(Directions): Scan the entries below line by line and state how many lines contain the string "Outside", giving only the number.

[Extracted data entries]
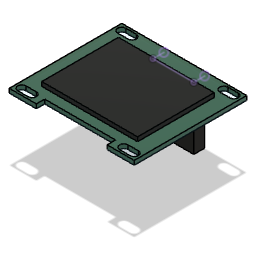
All together (Autodesk Fusion 360 archive; units mm, degrees)
design "oled"
description: IIC OLED 0.96" 4Pin SSD1306
part number: GME12864-11
Autodesk Fusion 360 part; units mm, degrees
sketch "Sketch1" plane through (0, 0, 0) normal (0, 1, 0) x (1, 0, 0)
  line L0 (0, 0) -> (30, 0)
  line L1 (30, 0) -> (30, -27)
  line L2 (30, -27) -> (0, -27)
  line L3 (0, -27) -> (0, 0)
  line L4 (6.5, -27) -> (6.5, -25)
  line L5 (6.5, -25) -> (23.5, -25)
  line L6 (23.5, -25) -> (23.5, -27)
  line L7 (15, -27) -> (15, -25) construction
  line L8 (3.5, -4.3) -> (26.5, -4.3)
  line L9 (26.5, -4.3) -> (26.5, -22.7)
  line L10 (26.5, -22.7) -> (3.5, -22.7)
  line L11 (3.5, -22.7) -> (3.5, -4.3)
  line L12 (1.5, -2.5) -> (4, -2.5)
  arc A0 (4, -2.5) -> (4, -0.5) centre (4, -1.5) ccw
  line L13 (4, -0.5) -> (1.5, -0.5)
  arc A1 (1.5, -0.5) -> (1.5, -2.5) centre (1.5, -1.5) ccw
  line L14 (1.5, -1.5) -> (4, -1.5) construction
  line L15 (15, 0) -> (15, -25) construction
  line L16 (0, -13.5) -> (30, -13.5) construction
  arc A2 (26, -0.5) -> (26, -2.5) centre (26, -1.5) ccw
  line L17 (26, -0.5) -> (28.5, -0.5)
  arc A3 (28.5, -2.5) -> (28.5, -0.5) centre (28.5, -1.5) ccw
  line L18 (28.5, -2.5) -> (26, -2.5)
  line L19 (26, -26.5) -> (28.5, -26.5)
  arc A4 (28.5, -26.5) -> (28.5, -24.5) centre (28.5, -25.5) ccw
  line L20 (28.5, -24.5) -> (26, -24.5)
  arc A5 (26, -24.5) -> (26, -26.5) centre (26, -25.5) ccw
  line L21 (4, -26.5) -> (1.5, -26.5)
  arc A6 (4, -26.5) -> (4, -24.5) centre (4, -25.5) ccw
  arc A7 (1.5, -24.5) -> (1.5, -26.5) centre (1.5, -25.5) ccw
  line L22 (1.5, -24.5) -> (4, -24.5)
  dimension "d1" = 30
  dimension "d2" = 27
  dimension "d3" = 6.5
  dimension "d4" = 2
  dimension "d5" = 3.5
  dimension "d6" = 3.5
  dimension "d7" = 4.3
  dimension "d8" = 4.3
  dimension "d22" = 1.5
  dimension "d23" = 1.5
  dimension "d24" = 1
  dimension "d25" = 2.5
  constraint horizontal L0
  constraint vertical L1
  constraint horizontal L2
  constraint vertical L3
  constraint coincident L0.start L3.end
  constraint coincident L2 L4.start
  constraint perpendicular L2 L4
  constraint perpendicular L4 L5
  constraint coincident L2 L6.end
  constraint perpendicular L2 L6
  constraint midpoint L2 L7.start
  constraint midpoint L5 L7.end
  constraint perpendicular L2 L7
  constraint horizontal L8
  constraint vertical L9
  constraint horizontal L10
  constraint vertical L11
  constraint tangent L12 A0
  constraint tangent A0 L13
  constraint parallel L12 L13
  constraint tangent L13 A1
  constraint tangent L12 A1
  constraint horizontal L14
  constraint midpoint L0 L15.start
  constraint midpoint L3 L16.start
  constraint midpoint L1 L16.end
  constraint symmetric L12.start L15 A3.start
  constraint symmetric L12.end L15 A2.end
  constraint symmetric A0.end L15 A2.start
  constraint symmetric L13.end L15 L17.end
  constraint symmetric A0 L15 A2
  constraint symmetric A1 L15 A3
  constraint symmetric L12.start L16 A7.start
  constraint symmetric L12.end L16 A6.end
  constraint symmetric A0.end L16 L21.start
  constraint symmetric L13.end L16 L21.end
  constraint symmetric A0 L16 A6
  constraint symmetric A1 L16 A7
  constraint symmetric L16 A2.end L20.end
  constraint symmetric L16 A2.start L19.start
  constraint symmetric L16 A2 A5
  constraint symmetric L16 L17.end L19.end
  constraint symmetric L16 A3.start A4.end
  constraint symmetric L16 A3 A4
  measures "d1" distance of L0.start L0.end
  measures "d2" distance of L0.start L2.end
  measures "d3" distance of L1 L6
  measures "d4" distance of L2 L5
  measures "d5" distance of L1 L9
  measures "d6" distance of L3 L11
  measures "d7" distance of L0 L8
  measures "d8" distance of L2 L10
  measures "d22" distance of L3 A1.centre
  measures "d23" distance of L0 A1.centre
  measures "d24" radius of A1
  measures "d25" distance of A1.centre A0.centre
extrude "Extrude1" add sketch "Sketch1" along normal blind 1 contours L8 L9 L10 L11 makes body 1
extrude "Extrude2" add sketch "Sketch1" against normal blind 1 separate body contours L0 L1 L2 L3 L4 L5 L6 | L8 L9 L10 L11 makes body 2
sketch "Sketch2" plane through (0, -1, 0) normal (0, -1, 0) x (1, 0, 0)
  line L0 (6.5, 25) -> (6.5, 27)
  line L1 (6.5, 27) -> (0, 27)
  line L2 (0, 27) -> (0, 0)
  line L3 (0, 0) -> (30, 0)
  line L4 (30, 0) -> (30, 27)
  line L5 (30, 27) -> (23.5, 27)
  line L6 (23.5, 27) -> (23.5, 25)
  line L7 (23.5, 25) -> (6.5, 25)
  line L8 (10.1, 2.6) -> (19.9, 2.6)
  line L9 (19.9, 2.6) -> (19.9, 0)
  line L10 (10.1, 0) -> (10.1, 2.6)
  line L11 (15, 0) -> (15, 2.6) construction
  arc A0 (26, 2.5) -> (26, 0.5) centre (26, 1.5) ccw
  line L12 (26, 2.5) -> (28.5, 2.5)
  arc A1 (28.5, 0.5) -> (28.5, 2.5) centre (28.5, 1.5) ccw
  line L13 (28.5, 0.5) -> (26, 0.5)
  arc A2 (26, 26.5) -> (26, 24.5) centre (26, 25.5) ccw
  line L14 (26, 26.5) -> (28.5, 26.5)
  arc A3 (28.5, 24.5) -> (28.5, 26.5) centre (28.5, 25.5) ccw
  line L15 (28.5, 24.5) -> (26, 24.5)
  arc A4 (4, 24.5) -> (4, 26.5) centre (4, 25.5) ccw
  line L16 (4, 24.5) -> (1.5, 24.5)
  arc A5 (1.5, 26.5) -> (1.5, 24.5) centre (1.5, 25.5) ccw
  line L17 (1.5, 26.5) -> (4, 26.5)
  arc A6 (1.5, 2.5) -> (1.5, 0.5) centre (1.5, 1.5) ccw
  line L18 (1.5, 2.5) -> (4, 2.5)
  arc A7 (4, 0.5) -> (4, 2.5) centre (4, 1.5) ccw
  line L19 (4, 0.5) -> (1.5, 0.5)
  dimension "d13" = 9.8
  dimension "d14" = 2.6
  constraint horizontal L8
  constraint vertical L9
  constraint vertical L10
  constraint midpoint L3 L11.start
  constraint perpendicular L3 L11
  constraint coincident L3 L9.end
  constraint coincident L3 L10.start
  constraint midpoint L8 L11.end
  measures "d13" distance of L8.start L8.end
  measures "d14" distance of L8.start L10.start
extrude "Extrude3" add sketch "Sketch2" along normal blind 15 separate body contours L3 L8 L9 L10 makes body 3
sketch "Minimal Projection" plane through (0, -1, 0) normal (0, -1, 0) x (1, 0, 0)
  arc A0 (26, 2.5) -> (26, 0.5) centre (26, 1.5) ccw
  line L0 (26, 2.5) -> (28.5, 2.5)
  arc A1 (28.5, 0.5) -> (28.5, 2.5) centre (28.5, 1.5) ccw
  line L1 (28.5, 0.5) -> (26, 0.5)
  arc A2 (26, 26.5) -> (26, 24.5) centre (26, 25.5) ccw
  line L2 (26, 26.5) -> (28.5, 26.5)
  arc A3 (28.5, 24.5) -> (28.5, 26.5) centre (28.5, 25.5) ccw
  line L3 (28.5, 24.5) -> (26, 24.5)
  arc A4 (4, 24.5) -> (4, 26.5) centre (4, 25.5) ccw
  line L4 (4, 24.5) -> (1.5, 24.5)
  arc A5 (1.5, 26.5) -> (1.5, 24.5) centre (1.5, 25.5) ccw
  line L5 (1.5, 26.5) -> (4, 26.5)
  arc A6 (1.5, 2.5) -> (1.5, 0.5) centre (1.5, 1.5) ccw
  line L6 (1.5, 2.5) -> (4, 2.5)
  arc A7 (4, 0.5) -> (4, 2.5) centre (4, 1.5) ccw
  line L7 (4, 0.5) -> (1.5, 0.5)
  line L8 (6.5, 25) -> (6.5, 27)
  line L9 (6.5, 27) -> (0, 27)
  line L10 (0, 27) -> (0, 0)
  line L11 (0, 0) -> (30, 0)
  line L12 (30, 0) -> (30, 27)
  line L13 (30, 27) -> (23.5, 27)
  line L14 (23.5, 27) -> (23.5, 25)
  line L15 (23.5, 25) -> (6.5, 25)
  line L16 (19.9, 0) -> (19.9, 2.6)
  line L17 (19.9, 2.6) -> (10.1, 2.6)
  line L18 (10.1, 2.6) -> (10.1, 0)

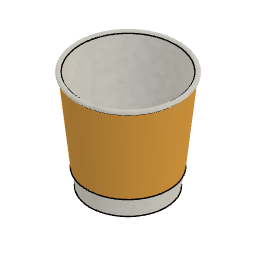
design "Cup"
Autodesk Fusion 360 part; units mm, degrees
sketch "Sketch3" plane through (0, 0, 0) normal (0, 1, 0) x (1, 0, 0)
  line L0 (0, 0) -> (22.3917, 0)
  line L1 (29, -54.5) -> (22.5, 5.5)
  line L2 (0, 5.5) -> (0, -54.5)
  line L3 (21.7959, 5.5) -> (28.2959, -54.5)
  line L4 (28.2959, -54.5) -> (29, -54.5)
  line L5 (21.7959, 5.5) -> (22.5, 5.5)
  line L6 (0, -0.7) -> (22.4676, -0.7)
  circle A0 centre (29.4178, -53.25) radius 1.25
  line L7 (29, -54.5) -> (29.4178, -54.5)
  line L8 (29.4333, -52.0001) -> (24.3174, -4.7764)
  line L9 (24.3174, -4.7764) -> (23.6214, -4.8518)
  arc A1 (22.5338, 5.1877) -> (21.8379, 5.1123) centre (22.1859, 5.15) ccw
  dimension "d4" = 60
  dimension "d5" = 58
  dimension "d6" = 45
  dimension "d7" = 5.5
  dimension "d9" = 0.7
  dimension "d10" = 0.7
  dimension "d11" = 2.5
  dimension "d12" = 47.5
  dimension "d13" = 0.7
  constraint coincident L0.start origin
  constraint horizontal L0
  constraint perpendicular L0 L2
  constraint coincident L0.start L2
  constraint horizontal L1.end L2.start
  constraint horizontal L1.start L2.end
  constraint horizontal L5
  constraint horizontal L4
  constraint coincident L0.end L3
  constraint parallel L1 L3
  constraint coincident L2 L6.start
  constraint coincident L3 L6.end
  constraint perpendicular L2 L6
  constraint tangent L3 A0
  constraint tangent L4 A0
  constraint coincident A0 L7.end
  constraint tangent A0 L7
  constraint coincident A0 L8.start
  constraint parallel L1 L8
  constraint coincident L1 L9.end
  constraint perpendicular L1 L9
  constraint coincident L3 A1.end
  constraint coincident L1 A1.start
  constraint tangent L1 A1
  constraint tangent L3 A1
  constraint tangent L5 A1
  measures "d4" distance of L2.start L2.end
  measures "d7" distance of L0 L5
  measures "d9" distance of L1 L3
  measures "d10" distance of L0 L6
  measures "d11" diameter of A0
  measures "d12" distance of L8.start L8.end
  measures "d13" distance of L8.end L9.end
revolve "Revolve1" add sketch "Sketch3" angle 360 about axis through (0, 0, -5.5) along (0, 0, 1) contours L0 L2 L3 L6 | L1 L3 A0 A1 | L1 A0 | L1 A0 makes body 1
revolve "Revolve2" add sketch "Sketch3" angle 360 about axis through (0, 0, -5.5) along (0, 0, 1) separate body contours L1 A0 L8 L9 makes body 2
equation "d10 = d9"

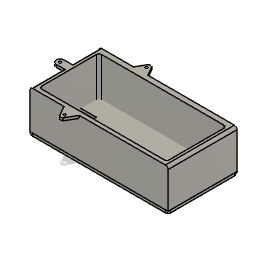
design "Sensor Housing"
Autodesk Fusion 360 part; units mm, degrees
sketch "Outside box sketch" plane through (0, 0, 0) normal (0, 0, 1) x (1, 0, 0)
  line L0 (1, 0) -> (52, 0)
  line L1 (53, 1) -> (53, 14.9)
  line L2 (52, 15.9) -> (1, 15.9)
  line L3 (0, 14.9) -> (0, 1)
  arc A0 (1, 15.9) -> (0, 14.9) centre (1, 14.9) ccw
  arc A1 (0, 1) -> (1, 0) centre (1, 1) ccw
  arc A2 (53, 14.9) -> (52, 15.9) centre (52, 14.9) ccw
  arc A3 (52, 0) -> (53, 1) centre (52, 1) ccw
  point P0 (53, 0)
  point P1 (0, 15.9)
  dimension "d1" = 53
  dimension "d2" = 15.9
  dimension "d13" = 1
  dimension "d14" = 1
  dimension "d15" = 1
  dimension "d16" = 1
  constraint horizontal L0
  constraint vertical L1
  constraint horizontal L2
  constraint vertical L3
  constraint coincident P1 L2
  constraint coincident P1 L3
  constraint tangent L2 A0
  constraint tangent L3 A0
  constraint coincident origin L0
  constraint coincident origin L3
  constraint tangent L0 A1
  constraint tangent L3 A1
  constraint tangent L2 A2
  constraint tangent L1 A2
  constraint coincident P0 L0
  constraint coincident P0 L1
  constraint tangent L0 A3
  constraint tangent L1 A3
  measures "d1" distance of origin P0
  measures "d2" distance of origin P1
  measures "d13" radius of A0
  measures "d14" radius of A1
  measures "d15" radius of A2
  measures "d16" radius of A3
extrude "Extrude1" add sketch "Outside box sketch" along normal blind 26.5 makes body 1
sketch "Hole sketch" plane through (0, 0, 0) normal (0, 1, 0) x (1, 0, 0)
  line L0 (3, -2) -> (50, -2)
  line L1 (51, -3) -> (51, -24)
  line L2 (50, -25) -> (3, -25)
  line L3 (2, -24) -> (2, -3)
  arc A0 (3, -2) -> (2, -3) centre (3, -3) ccw
  arc A1 (51, -3) -> (50, -2) centre (50, -3) ccw
  arc A2 (50, -25) -> (51, -24) centre (50, -24) ccw
  arc A3 (2, -24) -> (3, -25) centre (3, -24) ccw
  dimension "d17" = 1
  constraint horizontal L0
  constraint vertical L1
  constraint horizontal L2
  constraint vertical L3
  constraint tangent L0 A0
  constraint tangent L3 A0
  constraint tangent L0 A1
  constraint tangent L1 A1
  constraint equal A0 A1
  constraint tangent L1 A2
  constraint tangent L2 A2
  constraint equal A0 A2
  constraint tangent L2 A3
  constraint tangent L3 A3
  constraint equal A0 A3
  measures "d17" radius of A0
extrude "Extrude2" cut sketch "Hole sketch" along normal blind 25 bodies 1
sketch "Base sketch" plane through (0, 0, 0) normal (0, 1, 0) x (1, 0, 0)
  line L0 (1, 0) -> (52, 0)
  line L1 (53, -1) -> (53, -25.5)
  line L2 (52, -26.5) -> (1, -26.5)
  arc A0 (1, 0) -> (0, -1) centre (1, -1) ccw
  arc A1 (53, -1) -> (52, 0) centre (52, -1) ccw
  arc A2 (52, -26.5) -> (53, -25.5) centre (52, -25.5) ccw
  arc A3 (0, -25.5) -> (1, -26.5) centre (1, -25.5) ccw
  line L3 (0, -1) -> (0, -25.5)
  line L4 (1, -9) -> (8, -9)
  line L5 (8, -9) -> (8, -18)
  line L6 (8, -18) -> (1, -18)
  line L7 (1, -18) -> (1, -9)
  line L8 (1, -9) -> (8, -9)
  line L9 (1, -9) -> (8, -9)
  line L10 (8, -9) -> (8, -18)
  line L11 (45, -9) -> (45, -18)
  line L12 (52, -9) -> (45, -9)
  line L13 (52, -18) -> (52, -9)
  line L14 (45, -18) -> (52, -18)
  point P0 (53, 0)
  point P1 (0, -26.5)
  constraint horizontal L0
  constraint vertical L1
  constraint horizontal L2
  constraint coincident origin L0
  constraint tangent L0 A0
  constraint coincident P0 L0
  constraint coincident P0 L1
  constraint tangent L0 A1
  constraint tangent L1 A1
  constraint tangent L1 A2
  constraint tangent L2 A2
  constraint equal A1 A2
  constraint coincident P1 L2
  constraint tangent L2 A3
  constraint equal A1 A3
  constraint vertical L3
  constraint horizontal L4
  constraint vertical L5
  constraint horizontal L6
  constraint vertical L7
  constraint horizontal L8
  constraint horizontal L9
  constraint vertical L10
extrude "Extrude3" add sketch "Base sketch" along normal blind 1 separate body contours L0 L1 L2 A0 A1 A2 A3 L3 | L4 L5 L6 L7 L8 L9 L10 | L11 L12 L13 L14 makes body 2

(Answer area): 2